In an extensive and exclusive interview with Wisconsin Right Now, Waukesha County Sheriff Eric Severson explained his decision to hire former Wauwatosa Police officer Joseph Mensah as a patrol deputy, calling Mensah a “dedicated public servant” who has been treated unfairly by those invested in “emotional” and unfair narratives against the officer instead of facts and evidence.

He said that, after reviewing former US Attorney Steve Biskupic’s report into Mensah, it “contributed to my feeling that this was a witchhunt.”

“I find Joseph to be a very dedicated public servant,” said Severson. “I find him to be a quiet, thoughtful, articulate, intelligent young man. My interview panel was very impressed with his interview and his demeanor, with his humility. He’s not the monster that people want to portray him by in any stretch of the imagination. If my family needs a law enforcement officer, I hope Joseph is the first one to show up at my house.”

He said the argument that a “particular police officer was coming to work hoping to execute people of color” is backed up by “no evidence. It’s fictitious and a fabrication by people who won’t want to accept the fact that police work is not this clean, sterile environment. Police work gets difficult. It involves trying to put people in compliance with the law.”
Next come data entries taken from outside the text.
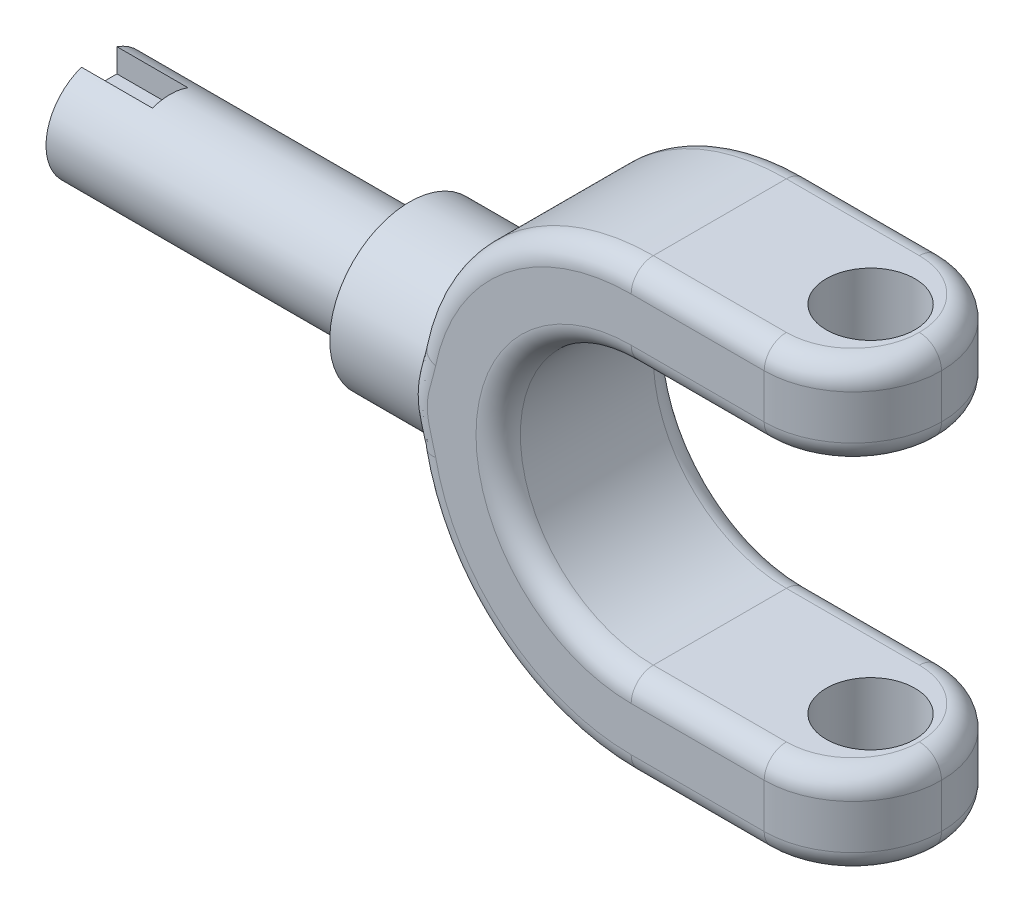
ISO-10303-21;
HEADER;
FILE_DESCRIPTION(('STEP AP214'),'2;1');
FILE_NAME('part.step','',(''),(''),'','','');
FILE_SCHEMA(('AUTOMOTIVE_DESIGN { 1 0 10303 214 1 1 1 1 }'));
ENDSEC;
DATA;
#1=APPLICATION_CONTEXT('core data for automotive mechanical design processes');
#2=APPLICATION_PROTOCOL_DEFINITION('international standard','automotive_design',2000,#1);
#3=PRODUCT_CONTEXT('',#1,'mechanical');
#4=PRODUCT('Part','Part','',(#3));
#5=PRODUCT_RELATED_PRODUCT_CATEGORY('part','',(#4));
#6=PRODUCT_DEFINITION_FORMATION('','',#4);
#7=PRODUCT_DEFINITION_CONTEXT('part definition',#1,'design');
#8=PRODUCT_DEFINITION('design','',#6,#7);
#9=PRODUCT_DEFINITION_SHAPE('','',#8);
#10=(LENGTH_UNIT() NAMED_UNIT(*) SI_UNIT(.MILLI.,.METRE.));
#11=(NAMED_UNIT(*) PLANE_ANGLE_UNIT() SI_UNIT($,.RADIAN.));
#12=(NAMED_UNIT(*) SI_UNIT($,.STERADIAN.) SOLID_ANGLE_UNIT());
#13=UNCERTAINTY_MEASURE_WITH_UNIT(LENGTH_MEASURE(1.E-05),#10,'distance_accuracy_value','');
#14=(GEOMETRIC_REPRESENTATION_CONTEXT(3) GLOBAL_UNCERTAINTY_ASSIGNED_CONTEXT((#13)) GLOBAL_UNIT_ASSIGNED_CONTEXT((#10,
#11,#12)) REPRESENTATION_CONTEXT('',''));
#15=CARTESIAN_POINT('',(0.,0.,0.));
#16=DIRECTION('',(0.,0.,1.));
#17=DIRECTION('',(1.,0.,0.));
#18=AXIS2_PLACEMENT_3D('',#15,#16,#17);
#19=CARTESIAN_POINT('',(0.,0.,20.));
#20=DIRECTION('',(0.,0.,-1.));
#21=DIRECTION('',(-1.,0.,0.));
#22=AXIS2_PLACEMENT_3D('',#19,#20,#21);
#23=CYLINDRICAL_SURFACE('',#22,25.);
#24=DIRECTION('',(0.,0.,-1.));
#25=VECTOR('',#24,1.);
#26=CARTESIAN_POINT('',(0.,-25.,20.));
#27=LINE('',#26,#25);
#28=CARTESIAN_POINT('',(0.,-25.,17.5));
#29=VERTEX_POINT('',#28);
#30=CARTESIAN_POINT('',(0.,-25.,2.5));
#31=VERTEX_POINT('',#30);
#32=EDGE_CURVE('E257',#29,#31,#27,.T.);
#33=ORIENTED_EDGE('',*,*,#32,.F.);
#34=CARTESIAN_POINT('',(0.,0.,17.5));
#35=DIRECTION('',(0.,0.,1.));
#36=DIRECTION('',(1.,0.,0.));
#37=AXIS2_PLACEMENT_3D('',#34,#35,#36);
#38=CIRCLE('',#37,25.);
#39=CARTESIAN_POINT('',(-24.5,-4.9749371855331,17.5));
#40=VERTEX_POINT('',#39);
#41=EDGE_CURVE('E11',#29,#40,#38,.F.);
#42=ORIENTED_EDGE('',*,*,#41,.T.);
#43=CARTESIAN_POINT('',(-25.,0.,19.));
#44=CARTESIAN_POINT('',(-25.0000005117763,0.244377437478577,19.0000007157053));
#45=CARTESIAN_POINT('',(-24.9964088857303,0.488744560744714,18.9900388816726));
#46=CARTESIAN_POINT('',(-24.9821422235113,0.975642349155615,18.9502947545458));
#47=CARTESIAN_POINT('',(-24.9714675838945,1.21817311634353,18.9205135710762));
#48=CARTESIAN_POINT('',(-24.9433254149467,1.69960684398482,18.8414277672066));
#49=CARTESIAN_POINT('',(-24.9258583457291,1.93851004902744,18.7921244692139));
#50=CARTESIAN_POINT('',(-24.8845985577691,2.41101671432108,18.6744612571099));
#51=CARTESIAN_POINT('',(-24.8608057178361,2.64462007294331,18.6061009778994));
#52=CARTESIAN_POINT('',(-24.8075749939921,3.10446312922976,18.4510981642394));
#53=CARTESIAN_POINT('',(-24.7781489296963,3.33071710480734,18.3644938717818));
#54=CARTESIAN_POINT('',(-24.7143620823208,3.77500972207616,18.1736029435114));
#55=CARTESIAN_POINT('',(-24.6799994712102,3.9930452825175,18.0693097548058));
#56=CARTESIAN_POINT('',(-24.6072111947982,4.41949682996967,17.8438651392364));
#57=CARTESIAN_POINT('',(-24.5687856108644,4.6279130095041,17.722714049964));
#58=CARTESIAN_POINT('',(-24.4888168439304,5.0339523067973,17.4643975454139));
#59=CARTESIAN_POINT('',(-24.4472734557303,5.23157471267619,17.3272310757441));
#60=CARTESIAN_POINT('',(-24.3605626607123,5.62177421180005,17.0326049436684));
#61=CARTESIAN_POINT('',(-24.3153188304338,5.81391953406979,16.8745957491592));
#62=CARTESIAN_POINT('',(-24.2237552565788,6.18434228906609,16.5433665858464));
#63=CARTESIAN_POINT('',(-24.1774354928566,6.36261946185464,16.3701463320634));
#64=CARTESIAN_POINT('',(-24.0849243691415,6.70430904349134,16.0094893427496));
#65=CARTESIAN_POINT('',(-24.0387330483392,6.86771731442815,15.8220486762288));
#66=CARTESIAN_POINT('',(-23.9477303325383,7.17861075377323,15.4340904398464));
#67=CARTESIAN_POINT('',(-23.9029189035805,7.32609631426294,15.2335731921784));
#68=CARTESIAN_POINT('',(-23.8143924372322,7.60903758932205,14.8134089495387));
#69=CARTESIAN_POINT('',(-23.7707700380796,7.74389491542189,14.5933388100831));
#70=CARTESIAN_POINT('',(-23.6876809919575,7.99444762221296,14.1419101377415));
#71=CARTESIAN_POINT('',(-23.6482126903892,8.11015064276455,13.9105561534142));
#72=CARTESIAN_POINT('',(-23.5746816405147,8.32147286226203,13.4380320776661));
#73=CARTESIAN_POINT('',(-23.5406185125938,8.41709347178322,13.1968626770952));
#74=CARTESIAN_POINT('',(-23.4790444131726,8.58735589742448,12.7064162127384));
#75=CARTESIAN_POINT('',(-23.4515330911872,8.66199883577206,12.4571395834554));
#76=CARTESIAN_POINT('',(-23.4049423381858,8.78709045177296,11.9620665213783));
#77=CARTESIAN_POINT('',(-23.385579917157,8.8383574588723,11.7165034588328));
#78=CARTESIAN_POINT('',(-23.3544644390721,8.92025322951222,11.2214799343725));
#79=CARTESIAN_POINT('',(-23.3427112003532,8.95088248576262,10.9720195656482));
#80=CARTESIAN_POINT('',(-23.327225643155,8.99116296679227,10.4712423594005));
#81=CARTESIAN_POINT('',(-23.3234907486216,9.00082092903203,10.2199261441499));
#82=CARTESIAN_POINT('',(-23.3241665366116,8.99906989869,9.71738262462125));
#83=CARTESIAN_POINT('',(-23.3285769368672,8.98766163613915,9.46615531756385));
#84=CARTESIAN_POINT('',(-23.3449248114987,8.94510830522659,8.9795120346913));
#85=CARTESIAN_POINT('',(-23.3564370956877,8.91507766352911,8.74398325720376));
#86=CARTESIAN_POINT('',(-23.3862447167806,8.83658977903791,8.27636860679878));
#87=CARTESIAN_POINT('',(-23.4045424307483,8.7881260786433,8.04428397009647));
#88=CARTESIAN_POINT('',(-23.44736060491,8.67323646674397,7.58526776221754));
#89=CARTESIAN_POINT('',(-23.4718793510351,8.60681550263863,7.35833479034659));
#90=CARTESIAN_POINT('',(-23.5264353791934,8.45654912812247,6.91090718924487));
#91=CARTESIAN_POINT('',(-23.5564747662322,8.37269706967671,6.69041505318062));
#92=CARTESIAN_POINT('',(-23.6217915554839,8.18662627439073,6.25346508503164));
#93=CARTESIAN_POINT('',(-23.6571516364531,8.08411101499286,6.03714597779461));
#94=CARTESIAN_POINT('',(-23.7317357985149,7.86246691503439,5.61380303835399));
#95=CARTESIAN_POINT('',(-23.7709611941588,7.74333241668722,5.4067824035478));
#96=CARTESIAN_POINT('',(-23.8522250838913,7.48926843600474,5.00322952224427));
#97=CARTESIAN_POINT('',(-23.8942638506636,7.35433742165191,4.80669829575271));
#98=CARTESIAN_POINT('',(-23.9800748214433,7.0695211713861,4.42518658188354));
#99=CARTESIAN_POINT('',(-24.0238470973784,6.91963531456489,4.2402065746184));
#100=CARTESIAN_POINT('',(-24.1147643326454,6.5960662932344,3.87173111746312));
#101=CARTESIAN_POINT('',(-24.1619505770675,6.42148498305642,3.68903353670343));
#102=CARTESIAN_POINT('',(-24.2557459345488,6.0575640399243,3.33894520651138));
#103=CARTESIAN_POINT('',(-24.3023552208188,5.86822896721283,3.17154976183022));
#104=CARTESIAN_POINT('',(-24.3937779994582,5.47578308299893,2.85299351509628));
#105=CARTESIAN_POINT('',(-24.4385905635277,5.27266529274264,2.70184103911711));
#106=CARTESIAN_POINT('',(-24.5251677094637,4.85405065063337,2.41697539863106));
#107=CARTESIAN_POINT('',(-24.5669335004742,4.6385587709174,2.28325529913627));
#108=CARTESIAN_POINT('',(-24.6468464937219,4.19342106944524,2.03248048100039));
#109=CARTESIAN_POINT('',(-24.6849360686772,3.963621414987,1.91568008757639));
#110=CARTESIAN_POINT('',(-24.7557371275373,3.49424918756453,1.70200731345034));
#111=CARTESIAN_POINT('',(-24.7884508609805,3.2546807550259,1.60512659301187));
#112=CARTESIAN_POINT('',(-24.8475669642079,2.76742307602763,1.4321417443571));
#113=CARTESIAN_POINT('',(-24.8739700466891,2.51973475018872,1.35603526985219));
#114=CARTESIAN_POINT('',(-24.9196844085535,2.0181035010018,1.22535330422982));
#115=CARTESIAN_POINT('',(-24.9389960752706,1.76416092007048,1.17077663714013));
#116=CARTESIAN_POINT('',(-24.9691773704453,1.26476365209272,1.085892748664));
#117=CARTESIAN_POINT('',(-24.9804182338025,1.01951275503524,1.05451597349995));
#118=CARTESIAN_POINT('',(-24.9956578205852,0.527038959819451,1.01204660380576));
#119=CARTESIAN_POINT('',(-24.9996567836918,0.27981612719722,1.00095333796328));
#120=CARTESIAN_POINT('',(-25.0003007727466,-0.214667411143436,0.999164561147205));
#121=CARTESIAN_POINT('',(-24.9969471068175,-0.461928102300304,1.00846542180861));
#122=CARTESIAN_POINT('',(-24.9829822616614,-0.954638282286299,1.04736171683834));
#123=CARTESIAN_POINT('',(-24.9723711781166,-1.20008779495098,1.07695688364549));
#124=CARTESIAN_POINT('',(-24.9446822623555,-1.67877449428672,1.15475039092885));
#125=CARTESIAN_POINT('',(-24.9278443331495,-1.91213804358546,1.20225973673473));
#126=CARTESIAN_POINT('',(-24.8881102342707,-2.37396397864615,1.31548270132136));
#127=CARTESIAN_POINT('',(-24.8652119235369,-2.60242460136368,1.38120275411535));
#128=CARTESIAN_POINT('',(-24.8139413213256,-3.05281481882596,1.53025526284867));
#129=CARTESIAN_POINT('',(-24.7855705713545,-3.27474623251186,1.6135827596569));
#130=CARTESIAN_POINT('',(-24.7240365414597,-3.71086780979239,1.79722809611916));
#131=CARTESIAN_POINT('',(-24.6908714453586,-3.92505500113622,1.89755237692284));
#132=CARTESIAN_POINT('',(-24.6195683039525,-4.35024362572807,2.11747103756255));
#133=CARTESIAN_POINT('',(-24.5813168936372,-4.56098733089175,2.23752686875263));
#134=CARTESIAN_POINT('',(-24.5015437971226,-4.97173454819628,2.49396915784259));
#135=CARTESIAN_POINT('',(-24.460020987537,-5.17173433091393,2.6303612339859));
#136=CARTESIAN_POINT('',(-24.3747369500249,-5.55982740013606,2.91856327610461));
#137=CARTESIAN_POINT('',(-24.330975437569,-5.74791916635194,3.07037520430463));
#138=CARTESIAN_POINT('',(-24.2422953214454,-6.11114351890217,3.3884788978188));
#139=CARTESIAN_POINT('',(-24.1973766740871,-6.28627561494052,3.55477121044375));
#140=CARTESIAN_POINT('',(-24.1050842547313,-6.63163271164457,3.91016551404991));
#141=CARTESIAN_POINT('',(-24.0577079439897,-6.80109147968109,4.10001236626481));
#142=CARTESIAN_POINT('',(-23.9642463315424,-7.12341596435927,4.49349420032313));
#143=CARTESIAN_POINT('',(-23.9181606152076,-7.27628705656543,4.69712468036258));
#144=CARTESIAN_POINT('',(-23.8285670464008,-7.56453494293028,5.11710080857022));
#145=CARTESIAN_POINT('',(-23.7850604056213,-7.69990354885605,5.33345233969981));
#146=CARTESIAN_POINT('',(-23.7019665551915,-7.95200593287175,5.77735593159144));
#147=CARTESIAN_POINT('',(-23.6623777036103,-8.06874753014,6.00490323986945));
#148=CARTESIAN_POINT('',(-23.5882608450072,-8.28292384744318,6.47028158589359));
#149=CARTESIAN_POINT('',(-23.5537431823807,-8.38031924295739,6.70813239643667));
#150=CARTESIAN_POINT('',(-23.4910136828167,-8.55458115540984,7.19193739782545));
#151=CARTESIAN_POINT('',(-23.4627990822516,-8.63145667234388,7.43788798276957));
#152=CARTESIAN_POINT('',(-23.4136335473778,-8.76394685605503,7.9361055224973));
#153=CARTESIAN_POINT('',(-23.3926808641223,-8.81956664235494,8.18837094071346));
#154=CARTESIAN_POINT('',(-23.3587814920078,-8.90896312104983,8.69726998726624));
#155=CARTESIAN_POINT('',(-23.3458343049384,-8.9427411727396,8.95390334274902));
#156=CARTESIAN_POINT('',(-23.3289385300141,-8.98672016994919,9.45403742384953));
#157=CARTESIAN_POINT('',(-23.3244996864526,-8.9982061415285,9.69740941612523));
#158=CARTESIAN_POINT('',(-23.3232654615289,-9.0014051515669,10.1842973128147));
#159=CARTESIAN_POINT('',(-23.326469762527,-8.99311901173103,10.4278132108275));
#160=CARTESIAN_POINT('',(-23.3404150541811,-8.95686320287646,10.9131336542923));
#161=CARTESIAN_POINT('',(-23.3511554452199,-8.92889509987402,11.1549383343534));
#162=CARTESIAN_POINT('',(-23.379820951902,-8.85356381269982,11.6350715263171));
#163=CARTESIAN_POINT('',(-23.3977460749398,-8.80620060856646,11.8734000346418));
#164=CARTESIAN_POINT('',(-23.4396522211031,-8.69403150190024,12.3387153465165));
#165=CARTESIAN_POINT('',(-23.4634625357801,-8.62971436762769,12.5658357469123));
#166=CARTESIAN_POINT('',(-23.5166662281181,-8.48365763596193,13.0138146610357));
#167=CARTESIAN_POINT('',(-23.5460615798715,-8.40191187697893,13.2346709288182));
#168=CARTESIAN_POINT('',(-23.6095982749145,-8.22167810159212,13.6686801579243));
#169=CARTESIAN_POINT('',(-23.6437387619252,-8.1231931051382,13.8818345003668));
#170=CARTESIAN_POINT('',(-23.7158650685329,-7.91014482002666,14.2993680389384));
#171=CARTESIAN_POINT('',(-23.7538523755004,-7.79557530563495,14.5037437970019));
#172=CARTESIAN_POINT('',(-23.8346129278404,-7.545155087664,14.9123127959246));
#173=CARTESIAN_POINT('',(-23.8775293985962,-7.40853742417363,15.1160078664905));
#174=CARTESIAN_POINT('',(-23.9653551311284,-7.11931168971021,15.5113906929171));
#175=CARTESIAN_POINT('',(-24.0102652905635,-6.9666963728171,15.7030729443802));
#176=CARTESIAN_POINT('',(-24.1008798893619,-6.64644835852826,16.0732715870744));
#177=CARTESIAN_POINT('',(-24.14658437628,-6.47881475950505,16.2517871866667));
#178=CARTESIAN_POINT('',(-24.2376088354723,-6.12950976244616,16.5946190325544));
#179=CARTESIAN_POINT('',(-24.2829288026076,-5.94783817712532,16.7589350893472));
#180=CARTESIAN_POINT('',(-24.3741989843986,-5.56233135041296,17.0800005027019));
#181=CARTESIAN_POINT('',(-24.4200729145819,-5.35784821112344,17.2359948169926));
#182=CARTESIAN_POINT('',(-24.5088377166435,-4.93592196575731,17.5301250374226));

According to Severson, Wauwatosa Police Chief Barry Weber gave Mensah a good reference and texted Severson to congratulate him on the hire. People from Mensah’s former department were at his swearing in. “He has a lot of community support. He wants to move on,” said the sheriff. “My job is to look at the evidence. The best evidence I can find.”

Severson said Mensah will be assigned as a trainee. “We don’t need to teach him how to write a ticket or how to respond to a domestic disturbance; he needs to learn our forms. We have training to do.”

Mensah will be provided with a structured training program with certified field training personnel, supervised, and “given every chance to be successful like every other deputy. Then he would go into a normal rotation like every deputy.” The sheriff declined to be more specific, saying it’s a big county and any deputy could “work lots of different places.”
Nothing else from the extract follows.